■ Action item ■
The entries below should be quoted exactly, with no pictures carried over.

++++ Data shown

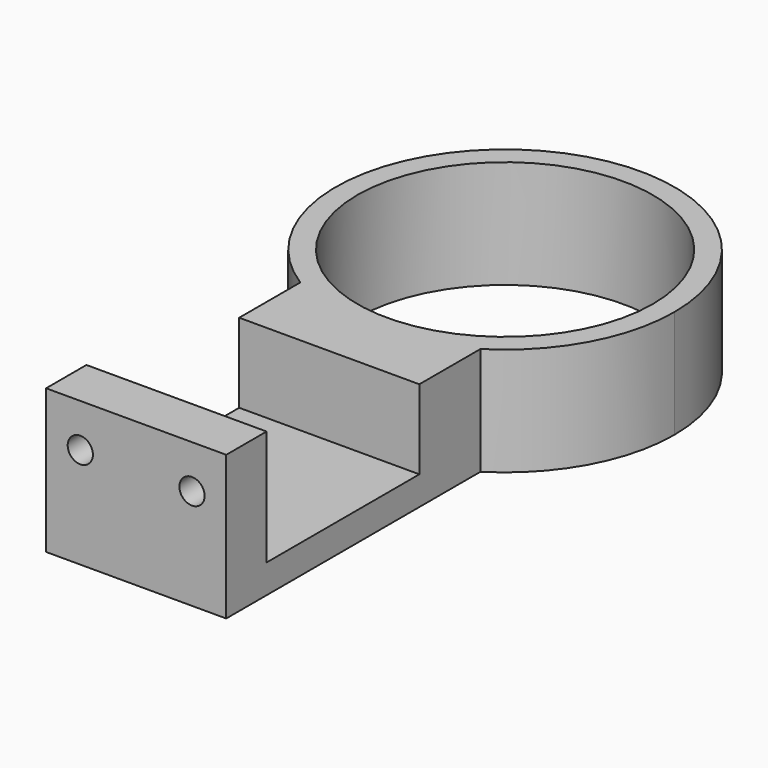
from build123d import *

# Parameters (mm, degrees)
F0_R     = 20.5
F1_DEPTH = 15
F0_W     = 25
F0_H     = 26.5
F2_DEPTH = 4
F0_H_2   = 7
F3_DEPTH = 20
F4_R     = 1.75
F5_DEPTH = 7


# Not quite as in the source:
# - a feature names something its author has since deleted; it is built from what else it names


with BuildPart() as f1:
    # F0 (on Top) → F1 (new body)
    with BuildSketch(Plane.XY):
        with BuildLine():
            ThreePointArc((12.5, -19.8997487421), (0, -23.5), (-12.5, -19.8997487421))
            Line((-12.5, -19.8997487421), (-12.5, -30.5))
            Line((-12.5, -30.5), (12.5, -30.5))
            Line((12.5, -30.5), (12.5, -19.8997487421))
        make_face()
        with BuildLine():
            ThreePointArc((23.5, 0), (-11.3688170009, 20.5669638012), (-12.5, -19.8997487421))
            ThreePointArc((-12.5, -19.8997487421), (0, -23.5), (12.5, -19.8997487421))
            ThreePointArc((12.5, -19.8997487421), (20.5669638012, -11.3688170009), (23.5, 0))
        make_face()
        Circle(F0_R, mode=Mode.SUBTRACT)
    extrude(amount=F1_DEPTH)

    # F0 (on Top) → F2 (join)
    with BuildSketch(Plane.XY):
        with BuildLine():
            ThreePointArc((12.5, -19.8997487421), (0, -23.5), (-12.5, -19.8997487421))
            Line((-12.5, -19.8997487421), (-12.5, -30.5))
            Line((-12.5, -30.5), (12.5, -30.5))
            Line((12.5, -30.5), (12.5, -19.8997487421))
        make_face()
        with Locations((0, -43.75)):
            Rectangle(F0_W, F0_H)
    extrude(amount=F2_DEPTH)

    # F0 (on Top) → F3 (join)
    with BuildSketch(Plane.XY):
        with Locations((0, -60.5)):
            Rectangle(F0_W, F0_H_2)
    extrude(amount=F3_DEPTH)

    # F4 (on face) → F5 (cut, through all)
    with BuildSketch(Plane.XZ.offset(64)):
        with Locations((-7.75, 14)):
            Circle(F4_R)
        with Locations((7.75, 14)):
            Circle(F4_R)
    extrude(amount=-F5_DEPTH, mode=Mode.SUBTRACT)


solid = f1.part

++++++++

■ Written answer ■
from build123d import *

# Parameters (mm, degrees)
F0_R     = 20.5
F1_DEPTH = 15
F0_W     = 25
F0_H     = 26.5
F2_DEPTH = 4
F0_H_2   = 7
F3_DEPTH = 20
F4_R     = 1.75
F5_DEPTH = 7


# Not quite as in the source:
# - a feature names something its author has since deleted; it is built from what else it names


with BuildPart() as f1:
    # F0 (on Top) → F1 (new body)
    with BuildSketch(Plane.XY):
        with BuildLine():
            ThreePointArc((12.5, -19.8997487421), (0, -23.5), (-12.5, -19.8997487421))
            Line((-12.5, -19.8997487421), (-12.5, -30.5))
            Line((-12.5, -30.5), (12.5, -30.5))
            Line((12.5, -30.5), (12.5, -19.8997487421))
        make_face()
        with BuildLine():
            ThreePointArc((23.5, 0), (-11.3688170009, 20.5669638012), (-12.5, -19.8997487421))
            ThreePointArc((-12.5, -19.8997487421), (0, -23.5), (12.5, -19.8997487421))
            ThreePointArc((12.5, -19.8997487421), (20.5669638012, -11.3688170009), (23.5, 0))
        make_face()
        Circle(F0_R, mode=Mode.SUBTRACT)
    extrude(amount=F1_DEPTH)

    # F0 (on Top) → F2 (join)
    with BuildSketch(Plane.XY):
        with BuildLine():
            ThreePointArc((12.5, -19.8997487421), (0, -23.5), (-12.5, -19.8997487421))
            Line((-12.5, -19.8997487421), (-12.5, -30.5))
            Line((-12.5, -30.5), (12.5, -30.5))
            Line((12.5, -30.5), (12.5, -19.8997487421))
        make_face()
        with Locations((0, -43.75)):
            Rectangle(F0_W, F0_H)
    extrude(amount=F2_DEPTH)

    # F0 (on Top) → F3 (join)
    with BuildSketch(Plane.XY):
        with Locations((0, -60.5)):
            Rectangle(F0_W, F0_H_2)
    extrude(amount=F3_DEPTH)

    # F4 (on face) → F5 (cut, through all)
    with BuildSketch(Plane.XZ.offset(64)):
        with Locations((-7.75, 14)):
            Circle(F4_R)
        with Locations((7.75, 14)):
            Circle(F4_R)
    extrude(amount=-F5_DEPTH, mode=Mode.SUBTRACT)


solid = f1.part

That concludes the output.